La normalité comme superpouvoir
Le paradoxe est là. À la ville, l’homme des shootings cultive une dégaine d’anti-glamour. Short ample, marcel blanc, casquette vissée sur la tête : les photos volées le montrent comme un New-Yorkais ordinaire, loin de l’esthétique millimétrée des tapis rouges. Enfant de Brooklyn, il a gardé de ses origines une simplicité qui sonne juste.
La clé du succès est peut-être là, dans cette authenticité désarmante que renforcent ses interviews où il semble lui-même dépassé. « Toute cette attention, c’est une situation étrange. Je ne peux pas dire que ça me plaise, mais j’essaie de faire preuve de gratitude », confiait-il à la presse US. Et c’est ce « type normal » que l’on perçoit finalement à travers les personnages qu’il incarne : figures d’une masculinité en crise qui résonnent avec une époque qui se méfie des héros sans failles.
Sur la route du Nebraska
Défi ultime : son incarnation de Bruce Springsteen dans Deliver Me from Nowhere. Le film explore la genèse de l’album Nebraska, un disque culte, aride, enregistré seul sur un magnétophone 4 pistes, que le « Boss » destinait à l’oubli.
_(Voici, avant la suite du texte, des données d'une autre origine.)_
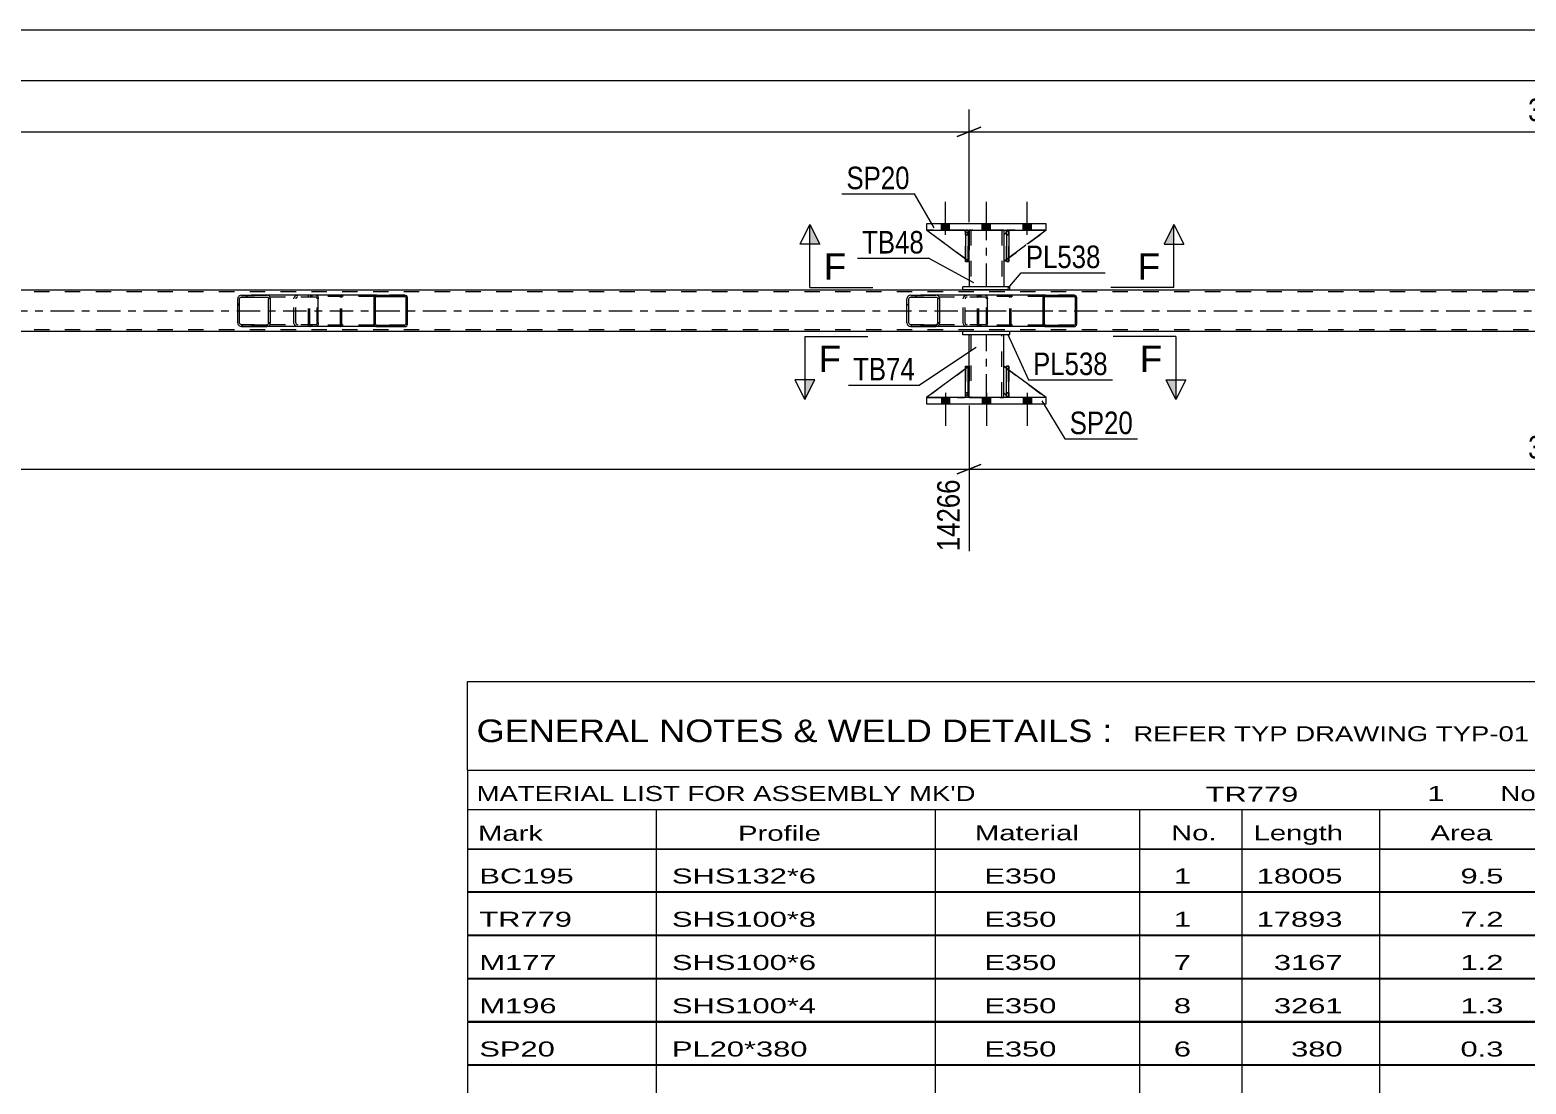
# Model space of a CAD drawing. Header units: millimetres. Extents: x -89 to 752, y -437 to 157.
# Drawn here: x 371.4 to 561.8, y -303.1 to -169 of the extents above; entities that cross this region are included whole.
import ezdxf

# ---------------------------------------------------------------- set-up
doc = ezdxf.new("R2010")
doc.units = ezdxf.units.MM
doc.linetypes.add('DXK_LINE_DOT2', pattern=[3.9198, 1.9599, -1.9599])
doc.linetypes.add('DXK_LINE_DOT3', pattern=[5.9187, 2.979, -0.9799, 0.9799, -0.9799])
doc.styles.add('Arial', font='ARIAL.TTF', dxfattribs={"height": 0.2})
doc.styles.add('Arial Narrow', font='ARIALN.TTF', dxfattribs={"height": 0.2})

# ---------------------------------------------------------------- blocks, each defined once
blk = doc.blocks.new('Part-318886155-2420 - 2159')
at = {"color": 2, "linetype": 'Continuous'}
for p, q in [((640.46, -202.08), (-28.42, -202.08)), ((490.1, -207.36), (240.7, -207.36)), ((640.46, -207.36), (496.1, -207.36))]:
    blk.add_line(p, q, dxfattribs=at)
at = {"color": 7, "linetype": 'DXK_LINE_DOT2'}
for p, q in [((640.46, -202.32), (-28.42, -202.32)), ((640.46, -207.12), (-28.42, -207.12)), ((496.1, -207.36), (490.1, -207.36))]:
    blk.add_line(p, q, dxfattribs=at)
at = {"color": 7, "linetype": 'DXK_LINE_DOT3'}
blk.add_line((-28.42, -204.72), (640.46, -204.72), dxfattribs=at)
blk = doc.blocks.new('Part-318886155-2414 - 2159')
at = {"color": 7, "linetype": 'DXK_LINE_DOT2'}
for p, q in [((495.65, -195.06), (495.65, -194.46)), ((495.65, -194.46), (495.65, -194.46)), ((495.65, -194.46), (495.65, -198.46)), ((495.97, -194.46), (495.65, -194.46)), ((495.65, -198.46), (495.65, -195.06)), ((495.65, -195.06), (495.97, -195.06)), ((495.97, -195.06), (495.97, -194.46)), ((495.97, -198.46), (495.97, -194.46)), ((495.97, -195.06), (495.97, -198.46)), ((495.65, -198.46), (495.97, -198.46))]:
    blk.add_line(p, q, dxfattribs=at)
blk = doc.blocks.new('Part-318886155-2408 - 2159')
at = {"color": 2, "linetype": 'Continuous'}
for p, q in [((496.1, -207.36), (490.1, -207.36)), ((490.1, -207.76), (490.1, -207.36)), ((496.1, -207.76), (496.1, -207.36)), ((496.1, -207.76), (490.1, -207.76))]:
    blk.add_line(p, q, dxfattribs=at)
blk = doc.blocks.new('Part-318886155-2379 - 2159')
at = {"linetype": 'Continuous'}
h = blk.add_hatch(dxfattribs=at)
h.set_pattern_fill('', scale=0.7, style=0, pattern_type=0)
h.set_pattern_definition([(45, (419.4276, -202.9189), (-1.57154, 1.57154), [])])
h.paths.add_polyline_path([(419.45, -203.04), (419.43, -202.92), (419.35, -202.82), (419.24, -202.75), (419.11, -202.72), (415.54, -202.72), (415.41, -202.75), (415.3, -202.82), (415.22, -202.92), (415.2, -203.04), (415.2, -206.4), (415.22, -206.52), (415.3, -206.63), (415.41, -206.7), (415.54, -206.72), (419.11, -206.72), (419.24, -206.7), (419.35, -206.63), (419.43, -206.52), (419.45, -206.4)])
h.paths.add_polyline_path([(419.27, -206.46), (419.23, -206.51), (419.18, -206.55), (419.11, -206.56), (415.54, -206.56), (415.47, -206.55), (415.42, -206.51), (415.38, -206.46), (415.37, -206.4), (415.37, -203.04), (415.38, -202.98), (415.42, -202.93), (415.47, -202.89), (415.54, -202.88), (419.11, -202.88), (419.18, -202.89), (419.23, -202.93), (419.27, -202.98), (419.28, -203.04), (419.28, -206.4)])
at = {"color": 7, "linetype": 'DXK_LINE_DOT2'}
for p, q in [((406.85, -203.04), (406.87, -202.92)), ((406.85, -206.4), (406.85, -203.04)), ((407.03, -202.98), (407.02, -203.04)), ((407.02, -206.4), (407.02, -203.04)), ((407.07, -202.93), (407.03, -202.98)), ((407.06, -202.75), (407.19, -202.72)), ((407.12, -202.89), (407.07, -202.93)), ((407.19, -202.88), (407.12, -202.89)), ((407.84, -202.72), (407.19, -202.72)), ((419.11, -202.88), (407.19, -202.88)), ((410.76, -202.72), (410.89, -202.75)), ((410.83, -202.89), (410.76, -202.88)), ((410.88, -202.93), (410.83, -202.89)), ((410.92, -202.98), (410.88, -202.93)), ((410.93, -203.04), (410.92, -202.98)), ((410.93, -206.4), (410.93, -203.04)), ((411.08, -202.92), (411.1, -203.04)), ((411.1, -206.4), (411.1, -203.04)), ((419.11, -202.72), (415.54, -202.72)), ((406.87, -206.52), (406.85, -206.4)), ((407.02, -206.4), (407.03, -206.46)), ((407.03, -206.46), (407.07, -206.51)), ((407.19, -206.72), (407.06, -206.7)), ((407.07, -206.51), (407.12, -206.55)), ((407.12, -206.55), (407.19, -206.56)), ((419.11, -206.56), (407.19, -206.56)), ((407.84, -206.72), (407.19, -206.72)), ((410.76, -206.56), (410.83, -206.55)), ((410.89, -206.7), (410.76, -206.72)), ((410.83, -206.55), (410.88, -206.51)), ((410.88, -206.51), (410.92, -206.46)), ((410.92, -206.46), (410.93, -206.4)), ((411.1, -206.4), (411.08, -206.52)), ((415.54, -206.72), (419.11, -206.72))]:
    blk.add_line(p, q, dxfattribs=at)
at = {"color": 2, "linetype": 'Continuous'}
for p, q in [((415.54, -202.72), (407.84, -202.72)), ((415.22, -202.92), (415.2, -203.04)), ((415.2, -206.4), (415.2, -203.04)), ((415.37, -203.04), (415.38, -202.98)), ((415.37, -206.4), (415.37, -203.04)), ((415.38, -202.98), (415.42, -202.93)), ((415.54, -202.72), (415.41, -202.75)), ((415.42, -202.93), (415.47, -202.89)), ((415.47, -202.89), (415.54, -202.88)), ((415.54, -202.72), (419.11, -202.72)), ((415.54, -202.88), (419.11, -202.88)), ((419.24, -202.75), (419.11, -202.72)), ((419.11, -202.88), (419.18, -202.89)), ((419.18, -202.89), (419.23, -202.93)), ((419.23, -202.93), (419.27, -202.98)), ((419.27, -202.98), (419.28, -203.04)), ((419.28, -206.4), (419.28, -203.04)), ((419.45, -203.04), (419.43, -202.92)), ((419.45, -206.4), (419.45, -203.04)), ((415.54, -206.72), (407.84, -206.72)), ((415.2, -206.4), (415.22, -206.52)), ((415.38, -206.46), (415.37, -206.4)), ((415.42, -206.51), (415.38, -206.46)), ((415.41, -206.7), (415.54, -206.72)), ((415.47, -206.55), (415.42, -206.51)), ((415.54, -206.56), (415.47, -206.55)), ((415.54, -206.56), (419.11, -206.56)), ((415.54, -206.72), (419.11, -206.72)), ((419.18, -206.55), (419.11, -206.56)), ((419.11, -206.72), (419.24, -206.7)), ((419.23, -206.51), (419.18, -206.55)), ((419.27, -206.46), (419.23, -206.51)), ((419.28, -206.4), (419.27, -206.46)), ((419.43, -206.52), (419.45, -206.4))]:
    blk.add_line(p, q, dxfattribs=at)
at = {"color": 7, "linetype": 'DXK_LINE_DOT2'}
for centre, start, end in [((410.78, -203.06), 24.32, 69.2417), ((407.17, -206.39), 204.32, 249.2417), ((410.78, -206.39), 290.7583, 335.68)]:
    blk.add_arc(centre, 0.331, start, end, dxfattribs=at)
at = {"color": 2, "linetype": 'Continuous'}
for centre, start, end in [((415.52, -203.06), 110.7583, 155.68), ((419.13, -203.06), 24.32, 69.2417), ((415.52, -206.39), 204.32, 249.2417), ((419.13, -206.39), 290.7583, 335.68)]:
    blk.add_arc(centre, 0.331, start, end, dxfattribs=at)
blk = doc.blocks.new('Part-318886155-2345 - 2159')
at = {"color": 2, "linetype": 'Continuous'}
for p, q in [((490.9, -194.46), (490.9, -195.06)), ((495.3, -194.46), (495.3, -195.06)), ((490.9, -198.46), (490.9, -201.66)), ((495.3, -198.46), (495.3, -201.66))]:
    blk.add_line(p, q, dxfattribs=at)
at = {"color": 7, "linetype": 'DXK_LINE_DOT2'}
for p, q in [((495.3, -194.46), (490.9, -194.46)), ((490.9, -195.06), (490.9, -198.46)), ((491.14, -194.46), (491.14, -201.66)), ((495.06, -194.46), (495.06, -201.66)), ((495.3, -195.06), (495.3, -198.46)), ((495.3, -201.66), (490.9, -201.66))]:
    blk.add_line(p, q, dxfattribs=at)
at = {"color": 7, "linetype": 'DXK_LINE_DOT3'}
blk.add_line((493.1, -201.66), (493.1, -194.46), dxfattribs=at)
blk = doc.blocks.new('Part-318886155-2377 - 2159')
at = {"linetype": 'Continuous'}
h = blk.add_hatch(dxfattribs=at)
h.set_pattern_fill('', scale=0.7, style=0, pattern_type=0)
h.set_pattern_definition([(45, (504.5618, -202.9189), (-1.57154, 1.57154), [])])
h.paths.add_polyline_path([(504.59, -203.04), (504.56, -202.92), (504.49, -202.82), (504.38, -202.75), (504.25, -202.72), (500.67, -202.72), (500.54, -202.75), (500.43, -202.82), (500.36, -202.92), (500.33, -203.04), (500.33, -206.4), (500.36, -206.52), (500.43, -206.63), (500.54, -206.7), (500.67, -206.72), (504.25, -206.72), (504.38, -206.7), (504.49, -206.63), (504.56, -206.52), (504.59, -206.4)])
h.paths.add_polyline_path([(504.4, -206.46), (504.37, -206.51), (504.31, -206.55), (504.25, -206.56), (500.67, -206.56), (500.61, -206.55), (500.55, -206.51), (500.51, -206.46), (500.5, -206.4), (500.5, -203.04), (500.51, -202.98), (500.55, -202.93), (500.61, -202.89), (500.67, -202.88), (504.25, -202.88), (504.31, -202.89), (504.37, -202.93), (504.4, -202.98), (504.42, -203.04), (504.42, -206.4)])
at = {"color": 7, "linetype": 'DXK_LINE_DOT2'}
for p, q in [((491.98, -203.04), (492.01, -202.92)), ((491.98, -206.4), (491.98, -203.04)), ((492.16, -202.98), (492.15, -203.04)), ((492.15, -206.4), (492.15, -203.04)), ((492.2, -202.93), (492.16, -202.98)), ((492.19, -202.75), (492.32, -202.72)), ((492.26, -202.89), (492.2, -202.93)), ((492.32, -202.88), (492.26, -202.89)), ((492.97, -202.72), (492.32, -202.72)), ((504.25, -202.88), (492.32, -202.88)), ((495.9, -202.72), (496.03, -202.75)), ((495.96, -202.89), (495.9, -202.88)), ((496.02, -202.93), (495.96, -202.89)), ((496.06, -202.98), (496.02, -202.93)), ((496.07, -203.04), (496.06, -202.98)), ((496.07, -206.4), (496.07, -203.04)), ((496.21, -202.92), (496.24, -203.04)), ((496.24, -206.4), (496.24, -203.04)), ((504.25, -202.72), (500.67, -202.72)), ((492.01, -206.52), (491.98, -206.4)), ((492.15, -206.4), (492.16, -206.46)), ((492.16, -206.46), (492.2, -206.51)), ((492.32, -206.72), (492.19, -206.7)), ((492.2, -206.51), (492.26, -206.55)), ((492.26, -206.55), (492.32, -206.56)), ((504.25, -206.56), (492.32, -206.56)), ((492.97, -206.72), (492.32, -206.72)), ((495.9, -206.56), (495.96, -206.55)), ((496.03, -206.7), (495.9, -206.72)), ((495.96, -206.55), (496.02, -206.51)), ((496.02, -206.51), (496.06, -206.46)), ((496.06, -206.46), (496.07, -206.4)), ((496.24, -206.4), (496.21, -206.52)), ((504.25, -206.72), (500.67, -206.72))]:
    blk.add_line(p, q, dxfattribs=at)
at = {"color": 2, "linetype": 'Continuous'}
for p, q in [((500.67, -202.72), (492.97, -202.72)), ((500.36, -202.92), (500.33, -203.04)), ((500.33, -206.4), (500.33, -203.04)), ((500.5, -203.04), (500.51, -202.98)), ((500.5, -206.4), (500.5, -203.04)), ((500.51, -202.98), (500.55, -202.93)), ((500.67, -202.72), (500.54, -202.75)), ((500.55, -202.93), (500.61, -202.89)), ((500.61, -202.89), (500.67, -202.88)), ((500.67, -202.72), (504.25, -202.72)), ((500.67, -202.88), (504.25, -202.88)), ((504.38, -202.75), (504.25, -202.72)), ((504.25, -202.88), (504.31, -202.89)), ((504.31, -202.89), (504.37, -202.93)), ((504.37, -202.93), (504.4, -202.98)), ((504.4, -202.98), (504.42, -203.04)), ((504.42, -206.4), (504.42, -203.04)), ((504.59, -203.04), (504.56, -202.92)), ((504.59, -206.4), (504.59, -203.04)), ((500.67, -206.72), (492.97, -206.72)), ((500.33, -206.4), (500.36, -206.52)), ((500.51, -206.46), (500.5, -206.4)), ((500.55, -206.51), (500.51, -206.46)), ((500.54, -206.7), (500.67, -206.72)), ((500.61, -206.55), (500.55, -206.51)), ((500.67, -206.56), (500.61, -206.55)), ((500.67, -206.56), (504.25, -206.56)), ((500.67, -206.72), (504.25, -206.72)), ((504.31, -206.55), (504.25, -206.56)), ((504.25, -206.72), (504.38, -206.7)), ((504.37, -206.51), (504.31, -206.55)), ((504.4, -206.46), (504.37, -206.51)), ((504.42, -206.4), (504.4, -206.46)), ((504.56, -206.52), (504.59, -206.4))]:
    blk.add_line(p, q, dxfattribs=at)
at = {"color": 7, "linetype": 'DXK_LINE_DOT3'}
blk.add_line((490.69, -204.72), (502.46, -204.72), dxfattribs=at)
at = {"color": 7, "linetype": 'DXK_LINE_DOT2'}
for centre, start, end in [((492.31, -203.06), 110.7583, 155.68), ((495.91, -203.06), 24.32, 69.2417), ((492.31, -206.39), 204.32, 249.2417), ((495.91, -206.39), 290.7583, 335.68)]:
    blk.add_arc(centre, 0.331, start, end, dxfattribs=at)
at = {"color": 2, "linetype": 'Continuous'}
for centre, start, end in [((500.66, -203.06), 110.7583, 155.68), ((504.26, -203.06), 24.32, 69.2417), ((500.66, -206.39), 204.32, 249.2417), ((504.26, -206.39), 290.7583, 335.68)]:
    blk.add_arc(centre, 0.331, start, end, dxfattribs=at)
blk = doc.blocks.new('Part-318886155-2378 - 2159')
at = {"linetype": 'Continuous'}
h = blk.add_hatch(dxfattribs=at)
h.set_pattern_fill('', scale=0.7, style=0, pattern_type=0)
h.set_pattern_definition([(45, (487.1377, -203.0176), (-1.57154, 1.57154), [])])
h.paths.add_polyline_path([(487.18, -203.2), (487.14, -203.02), (487.03, -202.86), (486.87, -202.76), (486.67, -202.72), (483.49, -202.72), (483.3, -202.76), (483.13, -202.86), (483.02, -203.02), (482.99, -203.2), (482.99, -206.24), (483.02, -206.43), (483.13, -206.58), (483.3, -206.68), (483.49, -206.72), (486.67, -206.72), (486.87, -206.68), (487.03, -206.58), (487.14, -206.43), (487.18, -206.24)])
h.paths.add_polyline_path([(486.91, -206.33), (486.85, -206.41), (486.77, -206.46), (486.67, -206.48), (483.49, -206.48), (483.39, -206.46), (483.31, -206.41), (483.26, -206.33), (483.24, -206.24), (483.24, -203.2), (483.26, -203.11), (483.31, -203.03), (483.39, -202.98), (483.49, -202.96), (486.67, -202.96), (486.77, -202.98), (486.85, -203.03), (486.91, -203.11), (486.92, -203.2), (486.92, -206.24)])
at = {"color": 2, "linetype": 'Continuous'}
for p, q in [((483.02, -203.02), (482.99, -203.2)), ((482.99, -206.24), (482.99, -203.2)), ((483.24, -203.2), (483.26, -203.11)), ((483.24, -206.24), (483.24, -203.2)), ((483.26, -203.11), (483.31, -203.03)), ((483.49, -202.72), (483.3, -202.76)), ((483.31, -203.03), (483.39, -202.98)), ((483.39, -202.98), (483.49, -202.96)), ((483.49, -202.72), (486.67, -202.72)), ((483.49, -202.96), (486.67, -202.96)), ((492.97, -202.72), (486.67, -202.72)), ((486.87, -202.76), (486.67, -202.72)), ((486.67, -202.96), (486.77, -202.98)), ((486.77, -202.98), (486.85, -203.03)), ((486.85, -203.03), (486.91, -203.11)), ((486.91, -203.11), (486.92, -203.2)), ((486.92, -206.24), (486.92, -203.2)), ((487.18, -203.2), (487.14, -203.02)), ((487.18, -206.24), (487.18, -203.2)), ((492.97, -202.72), (493.08, -202.76)), ((493.08, -202.76), (493.17, -202.86)), ((493.17, -202.86), (493.22, -203.02)), ((493.22, -203.02), (493.24, -203.2)), ((493.24, -206.24), (493.24, -203.2)), ((482.99, -206.24), (483.02, -206.43)), ((483.26, -206.33), (483.24, -206.24)), ((483.31, -206.41), (483.26, -206.33)), ((483.3, -206.68), (483.49, -206.72)), ((483.39, -206.46), (483.31, -206.41)), ((483.49, -206.48), (483.39, -206.46)), ((483.49, -206.48), (486.67, -206.48)), ((483.49, -206.72), (486.67, -206.72)), ((486.77, -206.46), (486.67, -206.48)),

Sous la direction de Scott Cooper – réalisateur à la filmographie trop sous-estimée (Crazy Heart, Strictly Criminal, Hostiles) –, il ne s’agit pas de singer une rockstar, mais d’incarner la légende au moment du doute.
Le rôle est pour Jeremy un miroir tendu aux personnages qui ont fait son succès : des génies abîmés issus des classes populaires. Le challenge est de taille, mais c’est un défi taillé sur mesure pour un acteur qui a fait de la tourmente intérieure sa spécialité.
Du jeune prodige de Chicago au « Boss » du New Jersey, le parcours de Jeremy Allen White révèle une ligne directrice : une exploration constante de la fragilité masculine. Son succès n’est pas celui d’une étoile filante mais celui d’un artisan qui, en choisissant la fêlure plutôt que l’armure, a su se rendre indispensable. Il n’est pas juste un acteur qui monte. Il est un acteur qui raconte son époque.